# Melbourne Cup 2010



## pan (31 October 2010)

This years Melbourne Cup. Who's gunna win it??

Also looking into the trifecta got a little formula I found.

Here is Punterwoman's Formula for finding the Melbourne Cup trifecta based on 20 years of Melbourne Cup statistics and punting experience -

Include any runner who:


    * ran on the Saturday before the Cup, regardless of where they finished.
    * is an international visitor with Group form carrying 57kgs or less.
    * ran a place in this years Caulfield Cup and/or last years Melbourne Cup.
    * has won over 2400m or more in the last six months (since May) AND is carrying 4kgs or more under what they would be carrying at Weight For Age.


But leave out any runner who:


    * is carrying 59kgs or more.
    * ran in a previous Melbourne Cup in any year but finished more than 4 lengths behind the winner.
    * has failed to run a place in two or more starts at 3200m or beyond.
    * is aged over 7 years.

any thoughts?


----------



## Slipperz (31 October 2010)

So you think has the form and a good barrier draw. Not sure about shocking from the outside barrier....might have to go wide all the way round carrying 57K vs say descarado carrying 54 or even my lucky day. 

Good luck to all!!


----------



## Logique (31 October 2010)

Hi Pan, not a bad set of criteria.

It eliminates 9yro Zipping.  All the others I'm looking at meet the criteria. So You Think looks a special, and good barrier draw 3. But crummy short odds. 
At this stage I'll have two box trifs:  So You Think with Americain and Malucky Day, and another sustituting Descarado for Malucky Day.

Agree a tough ask for Shocking from barrier 24.


----------



## pan (31 October 2010)

well there are a number of horses which get the cut if you use the formula. I'm down to around 10 at the moment. Interested to see what other people come up with.


----------



## So_Cynical (31 October 2010)

pan said:


> This years Melbourne Cup. Who's gunna win it??
> 
> Also looking into the trifecta got a little formula I found.
> 
> ...




8 and 9 year olds have won...statisticly not many but still class horses over 7 years old do tend to win and run well in staying races.
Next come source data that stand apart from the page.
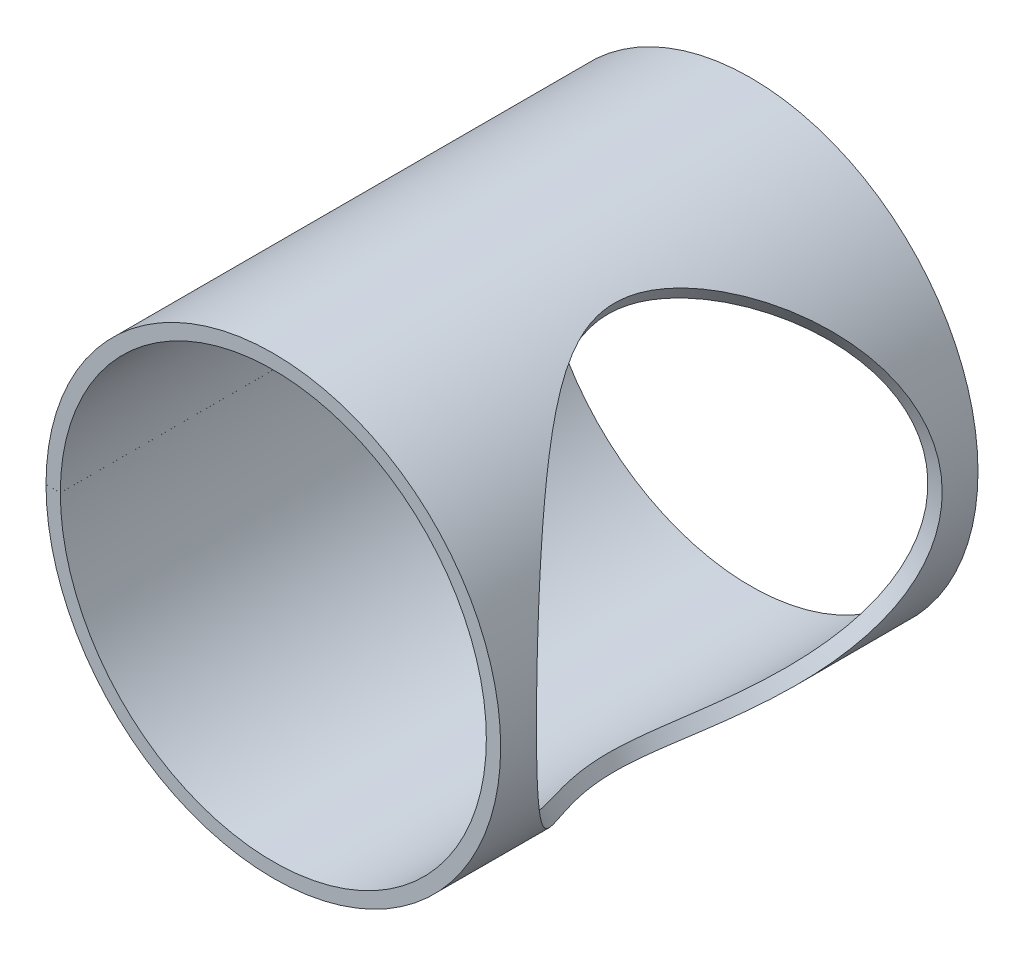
ISO-10303-21;
HEADER;
FILE_DESCRIPTION(('STEP AP214'),'2;1');
FILE_NAME('part.step','',(''),(''),'','','');
FILE_SCHEMA(('AUTOMOTIVE_DESIGN { 1 0 10303 214 1 1 1 1 }'));
ENDSEC;
DATA;
#1=APPLICATION_CONTEXT('core data for automotive mechanical design processes');
#2=APPLICATION_PROTOCOL_DEFINITION('international standard','automotive_design',2000,#1);
#3=PRODUCT_CONTEXT('',#1,'mechanical');
#4=PRODUCT('Part','Part','',(#3));
#5=PRODUCT_RELATED_PRODUCT_CATEGORY('part','',(#4));
#6=PRODUCT_DEFINITION_FORMATION('','',#4);
#7=PRODUCT_DEFINITION_CONTEXT('part definition',#1,'design');
#8=PRODUCT_DEFINITION('design','',#6,#7);
#9=PRODUCT_DEFINITION_SHAPE('','',#8);
#10=(LENGTH_UNIT() NAMED_UNIT(*) SI_UNIT(.MILLI.,.METRE.));
#11=(NAMED_UNIT(*) PLANE_ANGLE_UNIT() SI_UNIT($,.RADIAN.));
#12=(NAMED_UNIT(*) SI_UNIT($,.STERADIAN.) SOLID_ANGLE_UNIT());
#13=UNCERTAINTY_MEASURE_WITH_UNIT(LENGTH_MEASURE(1.E-05),#10,'distance_accuracy_value','');
#14=(GEOMETRIC_REPRESENTATION_CONTEXT(3) GLOBAL_UNCERTAINTY_ASSIGNED_CONTEXT((#13)) GLOBAL_UNIT_ASSIGNED_CONTEXT((#10,
#11,#12)) REPRESENTATION_CONTEXT('',''));
#15=CARTESIAN_POINT('',(0.,0.,0.));
#16=DIRECTION('',(0.,0.,1.));
#17=DIRECTION('',(1.,0.,0.));
#18=AXIS2_PLACEMENT_3D('',#15,#16,#17);
#19=CARTESIAN_POINT('',(0.,1.91062951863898E-11,60.));
#20=DIRECTION('',(0.,-1.59343427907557E-13,-1.));
#21=DIRECTION('',(0.,1.,-1.59343427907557E-13));
#22=AXIS2_PLACEMENT_3D('',#19,#20,#21);
#23=PLANE('',#22);
#24=DIRECTION('',(-0.999999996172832,8.74890631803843E-05,0.));
#25=VECTOR('',#24,1.);
#26=CARTESIAN_POINT('',(-55.3499997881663,0.00484251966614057,60.));
#27=LINE('',#26,#25);
#28=CARTESIAN_POINT('',(-53.5499997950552,0.0046850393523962,60.));
#29=VERTEX_POINT('',#28);
#30=CARTESIAN_POINT('',(-57.1499997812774,0.00499999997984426,60.));
#31=VERTEX_POINT('',#30);
#32=EDGE_CURVE('E13',#29,#31,#27,.T.);
#33=ORIENTED_EDGE('',*,*,#32,.F.);
#34=CARTESIAN_POINT('',(0.,1.91062951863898E-11,60.));
#35=DIRECTION('',(0.,-1.59363263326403E-13,-1.));
#36=DIRECTION('',(0.,1.,-1.59363263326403E-13));
#37=AXIS2_PLACEMENT_3D('',#34,#35,#36);
#38=CIRCLE('',#37,53.55);
#39=CARTESIAN_POINT('',(-53.5499997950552,-0.00468503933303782,60.));
#40=VERTEX_POINT('',#39);
#41=EDGE_CURVE('E159',#40,#29,#38,.F.);
#42=ORIENTED_EDGE('',*,*,#41,.F.);
#43=DIRECTION('',(-0.999999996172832,-8.74890635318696E-05,0.));
#44=VECTOR('',#43,1.);
#45=CARTESIAN_POINT('',(-55.3499997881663,-0.00484251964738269,60.));
#46=LINE('',#45,#44);
#47=CARTESIAN_POINT('',(-57.1499997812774,-0.00499999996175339,60.));
#48=VERTEX_POINT('',#47);
#49=EDGE_CURVE('E52',#40,#48,#46,.T.);
#50=ORIENTED_EDGE('',*,*,#49,.T.);
#51=CARTESIAN_POINT('',(0.,1.91062951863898E-11,60.));
#52=DIRECTION('',(0.,-1.59363263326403E-13,-1.));
#53=DIRECTION('',(0.,1.,-1.59363263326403E-13));
#54=AXIS2_PLACEMENT_3D('',#51,#52,#53);
#55=CIRCLE('',#54,57.15);
#56=EDGE_CURVE('E98',#48,#31,#55,.F.);
#57=ORIENTED_EDGE('',*,*,#56,.T.);
#58=EDGE_LOOP('',(#33,#42,#50,#57));
#59=FACE_BOUND('',#58,.T.);
#60=ADVANCED_FACE('F42',(#59),#23,.F.);
#61=CARTESIAN_POINT('',(-55.3499997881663,-0.00484251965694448,0.));
#62=DIRECTION('',(8.74890635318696E-05,-0.999999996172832,1.59363262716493E-13));
#63=DIRECTION('',(0.,1.59363263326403E-13,1.));
#64=AXIS2_PLACEMENT_3D('',#61,#62,#63);
#65=PLANE('',#64);
#66=ORIENTED_EDGE('',*,*,#49,.F.);
#67=DIRECTION('',(0.,-1.59363263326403E-13,-1.));
#68=VECTOR('',#67,1.);
#69=CARTESIAN_POINT('',(-53.5499997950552,-0.00468503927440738,427.904376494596));
#70=LINE('',#69,#68);
#71=CARTESIAN_POINT('',(-53.5499997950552,-0.00468503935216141,-60.));
#72=VERTEX_POINT('',#71);
#73=EDGE_CURVE('E86',#72,#40,#70,.F.);
#74=ORIENTED_EDGE('',*,*,#73,.F.);
#75=DIRECTION('',(-0.999999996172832,-8.74890635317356E-05,0.));
#76=VECTOR('',#75,1.);
#77=CARTESIAN_POINT('',(-55.3499997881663,-0.00484251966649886,-60.));
#78=LINE('',#77,#76);
#79=CARTESIAN_POINT('',(-57.1499997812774,-0.00499999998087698,-60.));
#80=VERTEX_POINT('',#79);
#81=EDGE_CURVE('E81',#72,#80,#78,.T.);
#82=ORIENTED_EDGE('',*,*,#81,.T.);
#83=DIRECTION('',(0.,-1.59363263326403E-13,-1.));
#84=VECTOR('',#83,1.);
#85=CARTESIAN_POINT('',(-57.1499997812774,-0.00499999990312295,427.904376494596));
#86=LINE('',#85,#84);
#87=EDGE_CURVE('E84',#80,#48,#86,.F.);
#88=ORIENTED_EDGE('',*,*,#87,.T.);
#89=EDGE_LOOP('',(#66,#74,#82,#88));
#90=FACE_BOUND('',#89,.T.);
#91=ADVANCED_FACE('F83',(#90),#65,.F.);
#92=CARTESIAN_POINT('',(0.,0.,-60.));
#93=DIRECTION('',(0.,-1.59363380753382E-13,-1.));
#94=DIRECTION('',(0.,1.,-1.59363380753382E-13));
#95=AXIS2_PLACEMENT_3D('',#92,#93,#94);
#96=PLANE('',#95);
#97=ORIENTED_EDGE('',*,*,#81,.F.);
#98=CARTESIAN_POINT('',(0.,0.,-60.));
#99=DIRECTION('',(0.,-1.59363263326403E-13,-1.));
#100=DIRECTION('',(0.,1.,-1.59363263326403E-13));
#101=AXIS2_PLACEMENT_3D('',#98,#99,#100);
#102=CIRCLE('',#101,53.55);
#103=CARTESIAN_POINT('',(-53.5499997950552,0.0046850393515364,-60.));
#104=VERTEX_POINT('',#103);
#105=EDGE_CURVE('E115',#72,#104,#102,.F.);
#106=ORIENTED_EDGE('',*,*,#105,.T.);
#107=DIRECTION('',(-0.999999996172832,8.74890635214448E-05,0.));
#108=VECTOR('',#107,1.);
#109=CARTESIAN_POINT('',(-55.3499997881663,0.00484251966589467,-60.));
#110=LINE('',#109,#108);
#111=CARTESIAN_POINT('',(-57.1499997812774,0.00499999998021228,-60.));
#112=VERTEX_POINT('',#111);
#113=EDGE_CURVE('E46',#104,#112,#110,.T.);
#114=ORIENTED_EDGE('',*,*,#113,.T.);
#115=CARTESIAN_POINT('',(0.,0.,-60.));
#116=DIRECTION('',(0.,-1.59363263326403E-13,-1.));
#117=DIRECTION('',(0.,1.,-1.59363263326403E-13));
#118=AXIS2_PLACEMENT_3D('',#115,#116,#117);
#119=CIRCLE('',#118,57.15);
#120=EDGE_CURVE('E97',#80,#112,#119,.F.);
#121=ORIENTED_EDGE('',*,*,#120,.F.);
#122=EDGE_LOOP('',(#97,#106,#114,#121));
#123=FACE_BOUND('',#122,.T.);
#124=ADVANCED_FACE('F100',(#123),#96,.T.);
#125=CARTESIAN_POINT('',(-55.3499997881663,0.00484251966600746,0.));
#126=DIRECTION('',(-8.74890633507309E-05,-0.999999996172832,0.));
#127=DIRECTION('',(0.,0.,1.));
#128=AXIS2_PLACEMENT_3D('',#125,#126,#127);
#129=PLANE('',#128);
#130=DIRECTION('',(0.,-1.59363263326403E-13,-1.));
#131=VECTOR('',#130,1.);
#132=CARTESIAN_POINT('',(-53.5499997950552,0.00468503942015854,427.904376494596));
#133=LINE('',#132,#131);
#134=EDGE_CURVE('E105',#104,#29,#133,.F.);
#135=ORIENTED_EDGE('',*,*,#134,.T.);
#136=ORIENTED_EDGE('',*,*,#32,.T.);
#137=DIRECTION('',(0.,-1.59363263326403E-13,-1.));
#138=VECTOR('',#137,1.);
#139=CARTESIAN_POINT('',(-57.1499997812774,0.00500000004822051,427.904376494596));
#140=LINE('',#139,#138);
#141=EDGE_CURVE('E108',#112,#31,#140,.F.);
#142=ORIENTED_EDGE('',*,*,#141,.F.);
#143=ORIENTED_EDGE('',*,*,#113,.F.);
#144=EDGE_LOOP('',(#135,#136,#142,#143));
#145=FACE_BOUND('',#144,.T.);
#146=ADVANCED_FACE('F44',(#145),#129,.T.);
#147=CARTESIAN_POINT('',(57.15,-4.45607092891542E-13,51.));
#148=CARTESIAN_POINT('',(57.1499999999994,-1.82869008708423,51.0000047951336));
#149=CARTESIAN_POINT('',(57.0621600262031,-3.66451414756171,50.9004869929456));
#150=CARTESIAN_POINT('',(56.8626750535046,-5.72815437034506,50.6765665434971));
#151=CARTESIAN_POINT('',(56.8391129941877,-5.95742419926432,50.6501314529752));
#152=CARTESIAN_POINT('',(56.7891901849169,-6.41588241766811,50.5941511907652));
#153=CARTESIAN_POINT('',(56.7635401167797,-6.63885129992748,50.5653994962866));
#154=CARTESIAN_POINT('',(56.6819068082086,-7.31363611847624,50.4738937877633));
#155=CARTESIAN_POINT('',(56.6221678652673,-7.76256588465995,50.40693609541));
#156=CARTESIAN_POINT('',(56.4271111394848,-9.10620227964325,50.1882013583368));
#157=CARTESIAN_POINT('',(56.2759506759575,-9.99775455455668,50.0185626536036));
#158=CARTESIAN_POINT('',(56.0180181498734,-11.3273098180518,49.7283812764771));
#159=CARTESIAN_POINT('',(55.9268427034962,-11.7691997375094,49.6257002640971));
#160=CARTESIAN_POINT('',(55.7823503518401,-12.429912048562,49.4627479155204));
#161=CARTESIAN_POINT('',(55.7348966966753,-12.6408484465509,49.4091983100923));
#162=CARTESIAN_POINT('',(55.637116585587,-13.0644945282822,49.2988320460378));
#163=CARTESIAN_POINT('',(55.587014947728,-13.276051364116,49.2422627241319));
#164=CARTESIAN_POINT('',(55.3304629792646,-14.3324351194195,48.9524851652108));
#165=CARTESIAN_POINT('',(55.1058781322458,-15.1730601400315,48.6984840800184));
#166=CARTESIAN_POINT('',(54.6184346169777,-16.8435791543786,48.1461238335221));
#167=CARTESIAN_POINT('',(54.3555759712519,-17.6734730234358,47.8477646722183));
#168=CARTESIAN_POINT('',(53.932952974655,-18.9089537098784,47.3669573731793));
#169=CARTESIAN_POINT('',(53.7873567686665,-19.3192207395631,47.2011435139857));
#170=CARTESIAN_POINT('',(53.5619315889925,-19.9321190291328,46.9441055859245));
#171=CARTESIAN_POINT('',(53.4856180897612,-20.1360014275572,46.8570400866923));
#172=CARTESIAN_POINT('',(53.3693970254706,-20.4411792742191,46.7243625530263));
#173=CARTESIAN_POINT('',(53.3303648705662,-20.5427975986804,46.6797901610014));
#174=CARTESIAN_POINT('',(53.2713798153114,-20.6950611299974,46.6124117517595));
#175=CARTESIAN_POINT('',(53.2516453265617,-20.745788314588,46.5898656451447));
#176=CARTESIAN_POINT('',(53.2120308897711,-20.8471876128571,46.5446001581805));
#177=CARTESIAN_POINT('',(53.1908864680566,-20.9010692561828,46.5204354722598));
#178=CARTESIAN_POINT('',(52.5741781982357,-22.4664189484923,45.8155319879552));
#179=CARTESIAN_POINT('',(51.9123652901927,-23.9555527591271,45.0555853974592));
#180=CARTESIAN_POINT('',(50.82876463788,-26.1384602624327,43.8010597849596));
#181=CARTESIAN_POINT('',(50.4524238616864,-26.8576358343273,43.3637836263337));
#182=CARTESIAN_POINT('',(49.8658574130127,-27.9228053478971,42.6792179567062));
#183=CARTESIAN_POINT('',(49.6666597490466,-28.2755965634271,42.4462541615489));
#184=CARTESIAN_POINT('',(49.3624351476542,-28.8012757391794,42.0896456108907));
#185=CARTESIAN_POINT('',(49.2601222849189,-28.9759175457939,41.9695822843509));
#186=CARTESIAN_POINT('',(49.1053068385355,-29.2369898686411,41.7876965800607));
#187=CARTESIAN_POINT('',(49.0534773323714,-29.3238655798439,41.7267695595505));
#188=CARTESIAN_POINT('',(48.9753979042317,-29.4539548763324,41.6349313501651));
#189=CARTESIAN_POINT('',(48.9493155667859,-29.497280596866,41.6042440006));
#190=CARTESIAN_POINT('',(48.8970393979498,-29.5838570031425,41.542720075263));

Also quiet a few winners have not started on the Saturday before, again i know the stats favour a run on the Saturday before but its not that important as in it will never stop a really good horse from winning (pretty sure Kingston Rule) didn't run on the Saturday before.


----------



## tech/a (31 October 2010)

Pick 10 likely candidates
Box them in a Trifecta or Pick 4
Put $1---- or whatever on your punt 
Enjoy.


----------



## Knobby22 (31 October 2010)

I like Americain and Profound Beauty.

The field has a lot of depth. I narrowed it down to 12 using similar parameters to you Tech/a. Tough year.


----------



## pan (1 November 2010)

anyone had a crack at the formula yet?


----------



## Calliope (1 November 2010)

My secret formula narrows it down to Monaco Consul. The downside is that I haven't picked a cup winner for years.


----------



## son of baglimit (1 November 2010)

if there was a formula that worked, the developer would be filthy rich & never share it, hence...............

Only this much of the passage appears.